[[ Data for review, beginning ]]

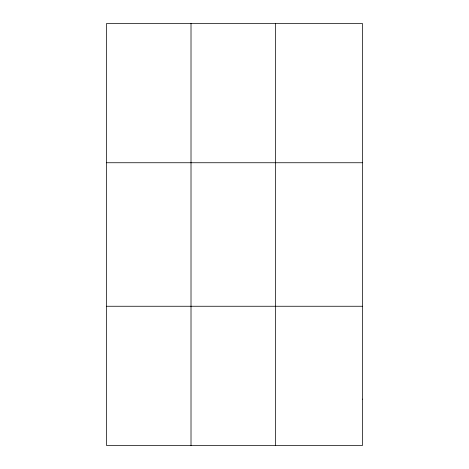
<?xml version="1.0" encoding="UTF-8"?>
<svg xmlns="http://www.w3.org/2000/svg" width="469" height="469" viewBox="0 0 469 469"><rect width="100%" height="100%" fill="white"/><g stroke="black" fill="none" stroke-linecap="round" stroke-linejoin="round"><path stroke-width="0.7" d="M191.012 23.45L191.012 445.55M275.432 23.45L275.432 445.55M106.592 162.743L362.408 162.743M106.592 306.257L362.408 306.257M362.408 399.119L362.408 445.55L106.592 445.55L106.592 23.45L362.408 23.45L362.408 399.119"/></g></svg>
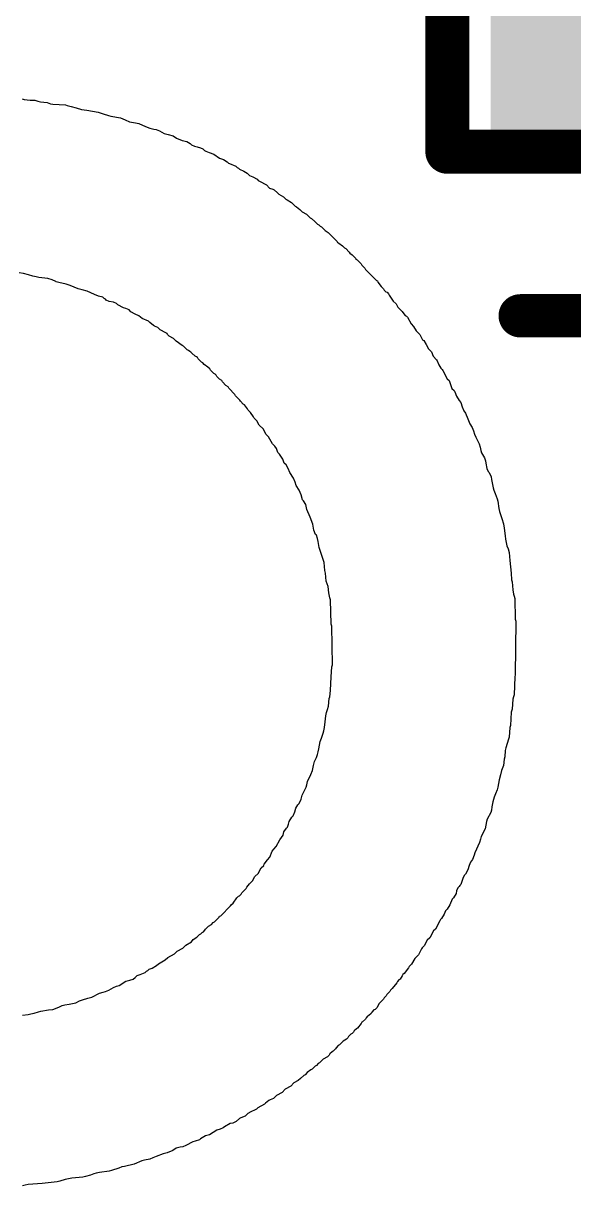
# Model space of a CAD drawing. Header units: inches. Extents: x -1.3 to 11.9, y -6.8 to 4.2.
# Drawn here: x 3.3528 to 3.4029, y 1.2333 to 1.3391 of the extents above; entities that cross this region are included whole.
import ezdxf

# ---------------------------------------------------------------- set-up
doc = ezdxf.new("R2010")
doc.units = ezdxf.units.IN
doc.header["$MEASUREMENT"] = 0
for name, color, linetype in [('Bottom Overlay', 54, 'Continuous'), ('TOP', 1, 'Continuous'), ('Top Overlay', 2, 'Continuous'), ('Top Paste', 8, 'Continuous'), ('Top Solder', 216, 'Continuous')]:
    doc.layers.add(name, color=color, linetype=linetype)

# ---------------------------------------------------------------- blocks, each defined once
blk = doc.blocks.new('LED_0603_G_____20')
at = {"layer": 'TOP'}
for points in [[(-0.04134, 0.01772), (-0.01378, 0.01772), (-0.01378, -0.01772), (-0.04134, -0.01772)], [(0.01378, 0.01772), (0.04134, 0.01772), (0.04134, -0.01772), (0.01378, -0.01772)]]:
    blk.add_hatch(color=1, dxfattribs=at).paths.add_polyline_path(points)
at = {"layer": 'Top Paste'}
for points in [[(-0.04134, 0.01772), (-0.01378, 0.01772), (-0.01378, -0.01772), (-0.04134, -0.01772)], [(0.01378, 0.01772), (0.04134, 0.01772), (0.04134, -0.01772), (0.01378, -0.01772)]]:
    blk.add_hatch(color=8, dxfattribs=at).paths.add_polyline_path(points)
at = {"layer": 'Top Solder'}
for points in [[(-0.04331, 0.01969), (-0.01181, 0.01969), (-0.01181, -0.01969), (-0.04331, -0.01969)], [(0.01181, 0.01969), (0.04331, 0.01969), (0.04331, -0.01969), (0.01181, -0.01969)]]:
    blk.add_hatch(color=216, dxfattribs=at).paths.add_polyline_path(points)
at = {"layer": 'Top Overlay'}
for points in [[(0.04508, 0.02362, 0.004, 0.004, 0), (-0.04508, 0.02362, 0.004, 0.004, 0)], [(-0.04508, -0.02362, 0.004, 0.004, 0), (-0.04508, 0.02362, 0.004, 0.004, 0)], [(0.04508, -0.02362, 0.004, 0.004, 0), (0.04508, 0.02362, 0.004, 0.004, 0)], [(-0.009, -0.018, 0.00394, 0.00394, 0), (-0.009, 0.018, 0.00394, 0.00394, 0)], [(0.01, 0.001, 0.00394, 0.00394, 0), (-0.007, 0.018, 0.00394, 0.00394, 0)], [(0.01, -0.018, 0.00394, 0.00394, 0), (0.01, 0.018, 0.00394, 0.00394, 0)], [(0.06, -0.017, 0.00394, 0.00394, 0), (0.06, 0.014, 0.00394, 0.00394, 0)], [(-0.009, -0.018, 0.00394, 0.00394, 0), (0.01, 0.001, 0.00394, 0.00394, 0)], [(0.04508, -0.02362, 0.004, 0.004, 0), (-0.04508, -0.02362, 0.004, 0.004, 0)]]:
    blk.add_lwpolyline(points, format="xyseb", dxfattribs=at)
for points in [[(-0.04608, 0.02362, 0.002, 0.002, 1), (-0.04408, 0.02362, 0.002, 0.002, 1)], [(-0.04608, 0.02362, 0.002, 0.002, 1), (-0.04408, 0.02362, 0.002, 0.002, 1)], [(0.04408, 0.02362, 0.002, 0.002, 1), (0.04608, 0.02362, 0.002, 0.002, 1)], [(0.04408, 0.02362, 0.002, 0.002, 1), (0.04608, 0.02362, 0.002, 0.002, 1)], [(-0.00998, 0.018, 0.00197, 0.00197, 1), (-0.00802, 0.018, 0.00197, 0.00197, 1)], [(-0.00798, 0.018, 0.00197, 0.00197, 1), (-0.00602, 0.018, 0.00197, 0.00197, 1)], [(0.00902, 0.018, 0.00197, 0.00197, 1), (0.01098, 0.018, 0.00197, 0.00197, 1)], [(0.05902, 0.014, 0.00197, 0.00197, 1), (0.06098, 0.014, 0.00197, 0.00197, 1)], [(0.00902, 0.001, 0.00197, 0.00197, 1), (0.01098, 0.001, 0.00197, 0.00197, 1)], [(0.00902, 0.001, 0.00197, 0.00197, 1), (0.01098, 0.001, 0.00197, 0.00197, 1)], [(0.05902, -0.017, 0.00197, 0.00197, 1), (0.06098, -0.017, 0.00197, 0.00197, 1)], [(-0.00998, -0.018, 0.00197, 0.00197, 1), (-0.00802, -0.018, 0.00197, 0.00197, 1)], [(-0.00998, -0.018, 0.00197, 0.00197, 1), (-0.00802, -0.018, 0.00197, 0.00197, 1)], [(0.00902, -0.018, 0.00197, 0.00197, 1), (0.01098, -0.018, 0.00197, 0.00197, 1)], [(-0.04608, -0.02362, 0.002, 0.002, 1), (-0.04408, -0.02362, 0.002, 0.002, 1)], [(-0.04608, -0.02362, 0.002, 0.002, 1), (-0.04408, -0.02362, 0.002, 0.002, 1)], [(0.04408, -0.02362, 0.002, 0.002, 1), (0.04608, -0.02362, 0.002, 0.002, 1)], [(0.04408, -0.02362, 0.002, 0.002, 1), (0.04608, -0.02362, 0.002, 0.002, 1)]]:
    blk.add_lwpolyline(points, format="xyseb", close=True, dxfattribs=at)

msp = doc.modelspace()

# ---------------------------------------------------------------- linework, layer by layer
at = {"layer": 'Bottom Overlay'}
for p, q in [((3.35271, 1.33219), (3.35288, 1.33213)), ((3.35288, 1.33213), (3.35342, 1.33205)), ((3.35342, 1.33205), (3.35385, 1.33207)), ((3.35385, 1.33207), (3.35413, 1.33196)), ((3.35413, 1.33196), (3.35436, 1.3319)), ((3.35436, 1.3319), (3.35498, 1.33185)), ((3.35498, 1.33185), (3.35527, 1.33173)), ((3.35527, 1.33173), (3.35549, 1.33168)), ((3.35549, 1.33168), (3.35663, 1.33162)), ((3.35663, 1.33162), (3.3568, 1.33156)), ((3.3568, 1.33156), (3.35717, 1.33148)), ((3.35717, 1.33148), (3.35762, 1.33136)), ((3.35762, 1.33136), (3.35811, 1.33122)), ((3.35811, 1.33122), (3.35859, 1.33114)), ((3.35859, 1.33114), (3.35961, 1.33097)), ((3.35961, 1.33097), (3.36007, 1.3308)), ((3.36007, 1.3308), (3.36055, 1.33065)), ((3.36055, 1.33065), (3.36078, 1.3306)), ((3.36078, 1.3306), (3.36166, 1.33046)), ((3.36166, 1.33046), (3.36208, 1.33026)), ((3.36208, 1.33026), (3.36248, 1.33009)), ((3.36248, 1.33009), (3.36302, 1.33)), ((3.36302, 1.33), (3.3633, 1.32994)), ((3.3633, 1.32994), (3.36393, 1.32966)), ((3.36393, 1.32966), (3.3643, 1.32952)), ((3.3643, 1.32952), (3.36467, 1.32943)), ((3.36467, 1.32943), (3.3649, 1.32938)), ((3.3649, 1.32938), (3.36518, 1.32926)), ((3.36518, 1.32926), (3.36561, 1.32901)), ((3.36561, 1.32901), (3.36598, 1.32892)), ((3.36598, 1.32892), (3.36643, 1.32881)), ((3.36643, 1.32881), (3.36674, 1.32861)), ((3.36674, 1.32861), (3.36725, 1.32838)), ((3.36725, 1.32838), (3.36768, 1.3283)), ((3.36768, 1.3283), (3.36799, 1.3281)), ((3.36799, 1.3281), (3.36811, 1.32798)), ((3.36811, 1.32798), (3.36839, 1.32787)), ((3.36839, 1.32787), (3.36862, 1.32781)), ((3.36862, 1.32781), (3.36893, 1.32773)), ((3.36893, 1.32773), (3.36913, 1.32764)), ((3.36913, 1.32764), (3.3693, 1.32747)), ((3.3693, 1.32747), (3.36941, 1.32742)), ((3.36941, 1.32742), (3.3697, 1.3273)), ((3.3697, 1.3273), (3.37015, 1.32713)), ((3.37015, 1.32713), (3.37066, 1.32679)), ((3.37066, 1.32679), (3.37103, 1.32665)), ((3.37103, 1.32665), (3.37134, 1.32645)), ((3.37134, 1.32645), (3.37146, 1.32634)), ((3.37146, 1.32634), (3.37157, 1.32628)), ((3.37157, 1.32628), (3.37214, 1.32605)), ((3.37214, 1.32605), (3.37225, 1.32594)), ((3.37225, 1.32594), (3.37237, 1.32588)), ((3.37237, 1.32588), (3.37248, 1.32577)), ((3.37248, 1.32577), (3.37288, 1.3256)), ((3.37288, 1.3256), (3.37316, 1.32543)), ((3.37316, 1.32543), (3.37339, 1.3252)), ((3.37339, 1.3252), (3.37367, 1.32509)), ((3.37367, 1.32509), (3.37407, 1.32486)), ((3.37407, 1.32486), (3.37418, 1.32475)), ((3.37418, 1.32475), (3.3743, 1.32469)), ((3.3743, 1.32469), (3.37492, 1.32435)), ((3.37492, 1.32435), (3.37521, 1.32406)), ((3.37521, 1.32406), (3.37549, 1.32395)), ((3.37549, 1.32395), (3.37561, 1.32389)), ((3.37561, 1.32389), (3.37592, 1.32364)), ((3.37592, 1.32364), (3.37606, 1.3235)), ((3.37606, 1.3235), (3.37646, 1.32327)), ((3.37646, 1.32327), (3.37668, 1.32304)), ((3.37668, 1.32304), (3.3768, 1.32298)), ((3.3768, 1.32298), (3.3772, 1.32276)), ((3.3772, 1.32276), (3.37754, 1.32242)), ((3.37754, 1.32242), (3.37765, 1.32236)), ((3.37765, 1.32236), (3.37796, 1.3221)), ((3.37796, 1.3221), (3.37816, 1.32191)), ((3.37816, 1.32191), (3.37856, 1.32168)), ((3.37856, 1.32168), (3.3789, 1.32134)), ((3.3789, 1.32134), (3.37901, 1.32128)), ((3.37901, 1.32128), (3.37933, 1.32102)), ((3.37933, 1.32102), (3.37958, 1.32077)), ((3.37958, 1.32077), (3.3797, 1.32071)), ((3.3797, 1.32071), (3.37981, 1.3206)), ((3.37981, 1.3206), (3.37992, 1.32054)), ((3.37992, 1.32054), (3.38026, 1.3202)), ((3.38026, 1.3202), (3.38055, 1.32003)), ((3.38055, 1.32003), (3.38137, 1.31921)), ((3.38137, 1.31921), (3.3814, 1.31912)), ((3.3814, 1.31912), (3.38151, 1.31906)), ((3.38151, 1.31906), (3.38183, 1.31881)), ((3.38183, 1.31881), (3.38203, 1.31861)), ((3.38203, 1.31861), (3.38214, 1.31855)), ((3.38214, 1.31855), (3.38245, 1.31824)), ((3.38245, 1.31824), (3.38251, 1.31813)), ((3.38251, 1.31813), (3.38271, 1.31798)), ((3.38271, 1.31798), (3.38302, 1.31767)), ((3.38302, 1.31767), (3.38305, 1.31759)), ((3.38305, 1.31759), (3.38316, 1.31753)), ((3.38316, 1.31753), (3.38353, 1.31716)), ((3.38353, 1.31716), (3.38359, 1.31705)), ((3.38359, 1.31705), (3.38387, 1.31676)), ((3.38387, 1.31676), (3.38393, 1.31665)), ((3.38393, 1.31665), (3.38492, 1.31566)), ((3.35282, 1.31628), (3.35242, 1.31634)), ((3.35328, 1.31617), (3.35282, 1.31628)), ((3.35367, 1.31605), (3.35328, 1.31617)), ((3.35399, 1.31597), (3.35367, 1.31605)), ((3.35421, 1.31591), (3.35399, 1.31597)), ((3.35504, 1.31583), (3.35421, 1.31591)), ((3.35544, 1.31571), (3.35504, 1.31583)), ((3.35575, 1.31557), (3.35544, 1.31571)), ((3.35578, 1.31554), (3.35575, 1.31557)), ((3.35603, 1.31546), (3.35578, 1.31554)), ((3.38492, 1.31566), (3.38501, 1.31563)), ((3.38501, 1.31563), (3.38506, 1.31551)), ((3.35669, 1.31531), (3.35603, 1.31546)), ((3.35708, 1.3152), (3.35669, 1.31531)), ((3.35779, 1.31489), (3.35708, 1.3152)), ((3.35816, 1.3148), (3.35779, 1.31489)), ((3.35862, 1.31469), (3.35816, 1.3148)), ((3.35927, 1.31438), (3.35862, 1.31469)), ((3.38506, 1.31551), (3.38535, 1.31512)), ((3.38535, 1.31512), (3.38558, 1.31489)), ((3.38558, 1.31489), (3.38563, 1.31477)), ((3.38563, 1.31477), (3.38578, 1.31463)), ((3.38578, 1.31463), (3.38589, 1.31458)), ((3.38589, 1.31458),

[[ Data for review, end ]]

** Aim of the task **
The records are given above. Copy each line in them that holds "linetype".

** Answer section **
for name, color, linetype in [('Bottom Overlay', 54, 'Continuous'), ('TOP', 1, 'Continuous'), ('Top Overlay', 2, 'Continuous'), ('Top Paste', 8, 'Continuous'), ('Top Solder', 216, 'Continuous')]:
    doc.layers.add(name, color=color, linetype=linetype)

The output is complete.